Task objective:
Those lines of the following listing which contain the string "width" should be returned.

Input data:
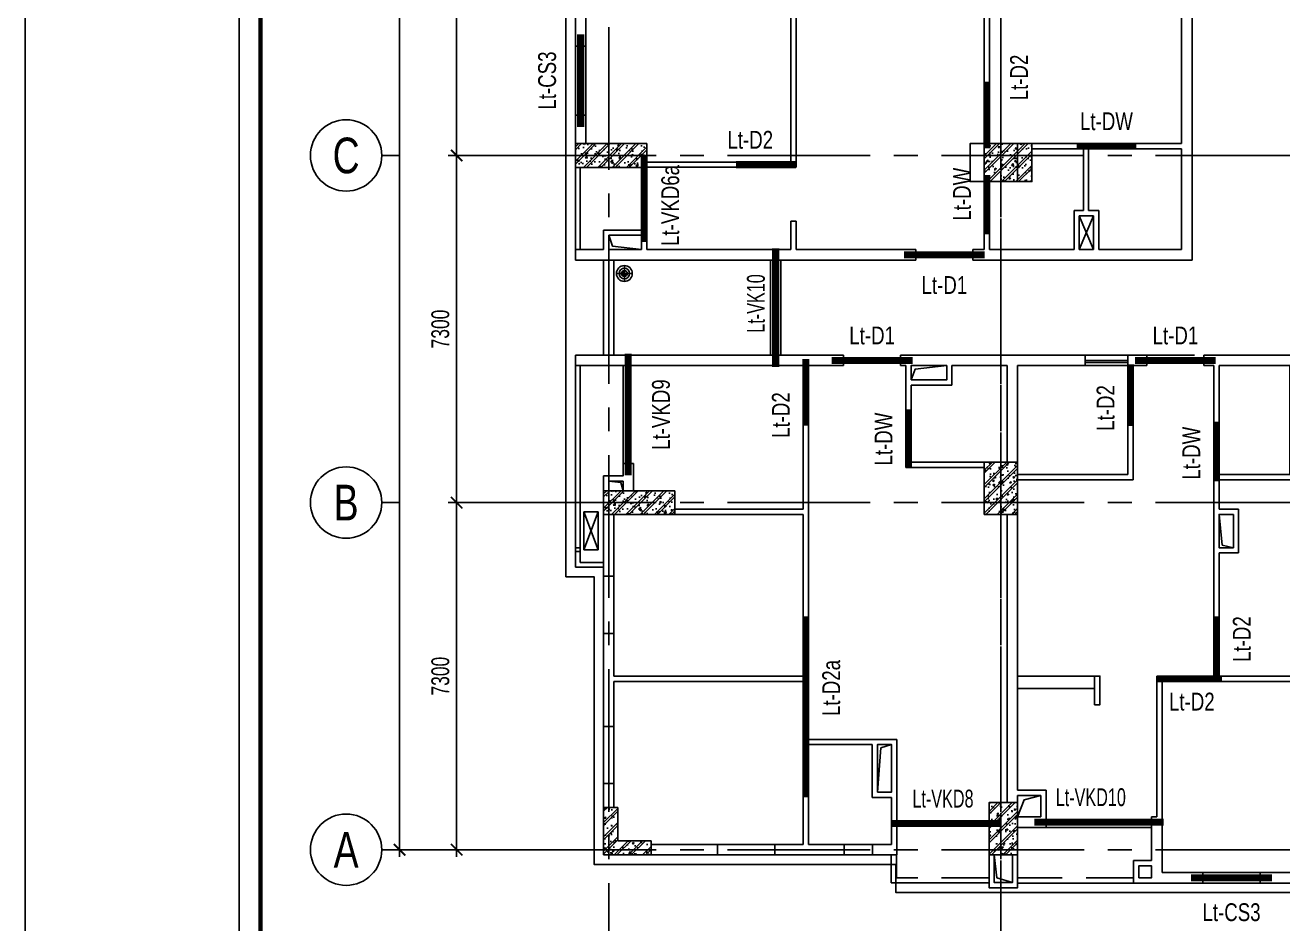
# Model space of a CAD drawing. Header units: millimetres. Extents: x 0 to 132458, y 0 to 365310.
# Drawn here: x 0 to 26457, y 119189 to 138087 of the extents above; entities that cross this region are included whole.
import ezdxf
from ezdxf.enums import TextEntityAlignment as Align

# ---------------------------------------------------------------- set-up
doc = ezdxf.new("R2010")
doc.units = ezdxf.units.MM
doc.header["$LTSCALE"] = 400
doc.header["$PDSIZE"] = -2
doc.linetypes.add('CENTER2', pattern=[1.125, 0.75, -0.125, 0.125, -0.125])
doc.linetypes.add('HIDDEN', pattern=[0.375, 0.25, -0.125])
doc.layers.get('0').update_dxf_attribs({"lineweight": 5})
doc.layers.get('Defpoints').update_dxf_attribs({"color": 2})
doc.layers.add('02.CDC.DIM', color=1, linetype='Continuous', lineweight=20)
for name, color, linetype in [('CDC-KHUNGTEN', 9, 'Continuous'), ('CDC.01.AXIS', 160, 'CENTER2'), ('CDC.02.DIM', 1, 'Continuous'), ('CDC.03.BORDER', 3, 'Continuous'), ('CDC.04.HIDDEN', 8, 'HIDDEN'), ('CDC.06.TEXT', 2, 'Continuous'), ('CDC.09.COLUMN', 4, 'Continuous'), ('CDC.10.HATCH', 9, 'Continuous'), ('CDC.12.PILE', 7, 'Continuous'), ('KCS_LANH_TO', 3, 'Continuous')]:
    doc.layers.add(name, color=color, linetype=linetype)
doc.styles.add('BIGTEXT', font='arial.ttf', dxfattribs={"width": 0.8})
doc.styles.add('KCS_SMTEXT', font='arial.ttf', dxfattribs={"width": 0.7})
doc.dimstyles.new('KCS_DIM150', dxfattribs={"dimscale": 150, "dimtxt": 2.5, "dimasz": 1.6, "dimexe": 1.2, "dimexo": 0, "dimgap": 1, "dimtad": 1, "dimdec": 0, "dimzin": 0, "dimdsep": 46, "dimtxsty": 'KCS_SMTEXT', "dimblk": 'ARCHTICK', "dimcen": 0, "dimdle": 1, "dimclrd": 256, "dimclre": 256, "dimclrt": 2, "dimadec": 0, "dimazin": 0, "dimtfac": 1, "dimtdec": 0, "dimtix": 1, "dimtmove": 2, "dimatfit": 3, "dimfxl": 1, "dimtolj": 1, "dimtzin": 0, "dimarcsym": 0})
pattern_1 = [(50, (-5e-10, -1e-10), (358.63009, -31.376067), [37.5, -412.5]), (355, (-5e-10, -1e-10), (-69.37567, 376.09607), [30, -330]), (100.4514, (29.9, -2.6), (289.25469, 344.71977), [31.870095, -350.571056]), (46.1842, (-5e-10, 100), (533.62052, -82.75951), [56.25, -618.75]), (96.6356, (44.47, 93.1), (467.33135, 487.05894), [47.80514, -525.8565]), (351.1842, (-5e-10, 100), (467.33097, 487.0593), [45, -495]), (21, (50, 75), (298.453526, -201.309445), [37.5, -412.5]), (326, (50, 75), (121.657666, 362.57502), [30, -330]), (71.4514, (74.87, 58.22), (420.111314, 161.26525), [31.870095, -350.571056]), (37.5, (-5e-10, -1e-10), (6.079928, 166.446927), [0, -326, 0, -335, 0, -331.25]), (7.5, (-5e-10, -1e-10), (131.534769, 197.205856), [0, -191, 0, -318.5, 0, -126.25]), (327.5, (-111.5, -1e-10), (266.911218, -11.277436), [0, -125, 0, -390, 0, -517.5]), (317.5, (-161.5, -1e-10), (291.593085, 50.05249), [0, -162.5, 0, -259, 0, -367.5]), (45, (-5e-10, -1e-10), (-150.26019, 150.26019), []), (45, (-5e-10, 61.25), (-150.26019, 150.26019), [])]
pattern_2 = [(50, (300, -1e-10), (358.63009, -31.376067), [37.5, -412.5]), (355, (300, -1e-10), (-69.37567, 376.09607), [30, -330]), (100.4514, (329.9, -2.6), (289.25469, 344.71977), [31.870095, -350.571056]), (46.1842, (300, 100), (533.62052, -82.75951), [56.25, -618.75]), (96.6356, (344.47, 93.1), (467.33135, 487.05894), [47.80514, -525.8565]), (351.1842, (300, 100), (467.33097, 487.0593), [45, -495]), (21, (350, 75), (298.453526, -201.309445), [37.5, -412.5]), (326, (350, 75), (121.657666, 362.57502), [30, -330]), (71.4514, (374.87, 58.22), (420.111314, 161.26525), [31.870095, -350.571056]), (37.5, (300, -1e-10), (6.079928, 166.446927), [0, -326, 0, -335, 0, -331.25]), (7.5, (300, -1e-10), (131.534769, 197.205856), [0, -191, 0, -318.5, 0, -126.25]), (327.5, (188.5, -1e-10), (266.911218, -11.277436), [0, -125, 0, -390, 0, -517.5]), (317.5, (138.5, -1e-10), (291.593085, 50.05249), [0, -162.5, 0, -259, 0, -367.5]), (45, (300, -1e-10), (-150.26019, 150.26019), []), (45, (300, 61.25), (-150.26019, 150.26019), [])]

# ---------------------------------------------------------------- blocks, each defined once
blk = doc.blocks.new('c1')
at = {"layer": 'CDC.10.HATCH'}
h = blk.add_hatch(dxfattribs=at)
h.set_pattern_fill('CHAU-01', color=256, scale=50, angle=270, style=0, pattern_type=2)
h.set_pattern_definition([(320, (0, 0), (-31.376067, -358.63009), [37.5, -412.5]), (265, (0, 0), (376.09607, 69.37567), [30, -330]), (10.4514, (-2.6, -29.9), (344.71977, -289.25469), [31.870095, -350.571056]), (316.1842, (100, -2e-14), (-82.75951, -533.62052), [56.25, -618.75]), (6.6356, (93.1, -44.47), (487.05894, -467.33135), [47.80514, -525.8565]), (261.1842, (100, -2e-14), (487.0593, -467.33097), [45, -495]), (291, (75, -50), (-201.309445, -298.453526), [37.5, -412.5]), (236, (75, -50), (362.57502, -121.657666), [30, -330]), (341.4514, (58.22, -74.87), (161.26525, -420.111314), [31.870095, -350.571056]), (307.5, (0, 0), (166.446927, -6.079928), [0, -326, 0, -335, 0, -331.25]), (277.5, (0, 0), (197.205856, -131.534769), [0, -191, 0, -318.5, 0, -126.25]), (237.5, (2e-14, 111.5), (-11.277436, -266.911218), [0, -125, 0, -390, 0, -517.5]), (227.5, (3e-14, 161.5), (50.05249, -291.593085), [0, -162.5, 0, -259, 0, -367.5]), (315, (0, 0), (150.26019, 150.26019), []), (315, (61.25, -1e-14), (150.26019, 150.26019), [])])
h.paths.add_polyline_path([(1749356, 307321), (1748756, 307321), (1748756, 306221), (1749356, 306221)])
at = {"layer": 'CDC.09.COLUMN', "ltscale": 2000, "elevation": 0}
blk.add_lwpolyline([(1749356, 307321), (1749356, 306221), (1748756, 306221), (1748756, 307321)], close=True, dxfattribs=at)
blk = doc.blocks.new('TANG DH')
at = {"layer": 'CDC.10.HATCH'}
h = blk.add_hatch(dxfattribs=at)
h.set_pattern_fill('CHAU-01', color=256, scale=50, style=0, pattern_type=2)
h.set_pattern_definition([(50, (-590.04, 7300), (358.63009, -31.376067), [37.5, -412.5]), (355, (-590.04, 7300), (-69.37567, 376.09607), [30, -330]), (100.4514, (-560.16, 7297.4), (289.25469, 344.71977), [31.870095, -350.571056]), (46.1842, (-590.04, 7400), (533.62052, -82.75951), [56.25, -618.75]), (96.6356, (-545.57, 7393.1), (467.33135, 487.05894), [47.80514, -525.8565]), (351.1842, (-590.04, 7400), (467.33097, 487.0593), [45, -495]), (21, (-540.04, 7375), (298.453526, -201.309445), [37.5, -412.5]), (326, (-540.04, 7375), (121.657666, 362.57502), [30, -330]), (71.4514, (-515.17, 7358.22), (420.111314, 161.26525), [31.870095, -350.571056]), (37.5, (-590.04, 7300), (6.079928, 166.446927), [0, -326, 0, -335, 0, -331.25]), (7.5, (-590.04, 7300), (131.534769, 197.205856), [0, -191, 0, -318.5, 0, -126.25]), (327.5, (-701.54, 7300), (266.911218, -11.277436), [0, -125, 0, -390, 0, -517.5]), (317.5, (-751.54, 7300), (291.593085, 50.05249), [0, -162.5, 0, -259, 0, -367.5]), (45, (-590.04, 7300), (-150.26019, 150.26019), []), (45, (-590.04, 7361.25), (-150.26019, 150.26019), [])])
h.paths.add_polyline_path([(1738483, 277100), (1738373, 277100), (1738373, 276850), (1738483, 276850)])
h.paths.add_polyline_path([(1738483, 276850), (1738373, 276850), (1738373, 276600), (1738483, 276600)])
h.paths.add_polyline_path([(1739873, 276850), (1738483, 276850), (1738483, 276600), (1739873, 276600)])
h.paths.add_polyline_path([(1739873, 277100), (1738483, 277100), (1738483, 276850), (1739873, 276850)])
h = blk.add_hatch(dxfattribs=at)
h.set_pattern_fill('CHAU-01', color=256, scale=50, style=0, pattern_type=2)
h.set_pattern_definition(pattern_2)
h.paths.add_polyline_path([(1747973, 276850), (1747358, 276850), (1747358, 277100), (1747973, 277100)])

Exercise result:
doc.styles.add('BIGTEXT', font='arial.ttf', dxfattribs={"width": 0.8})
doc.styles.add('KCS_SMTEXT', font='arial.ttf', dxfattribs={"width": 0.7})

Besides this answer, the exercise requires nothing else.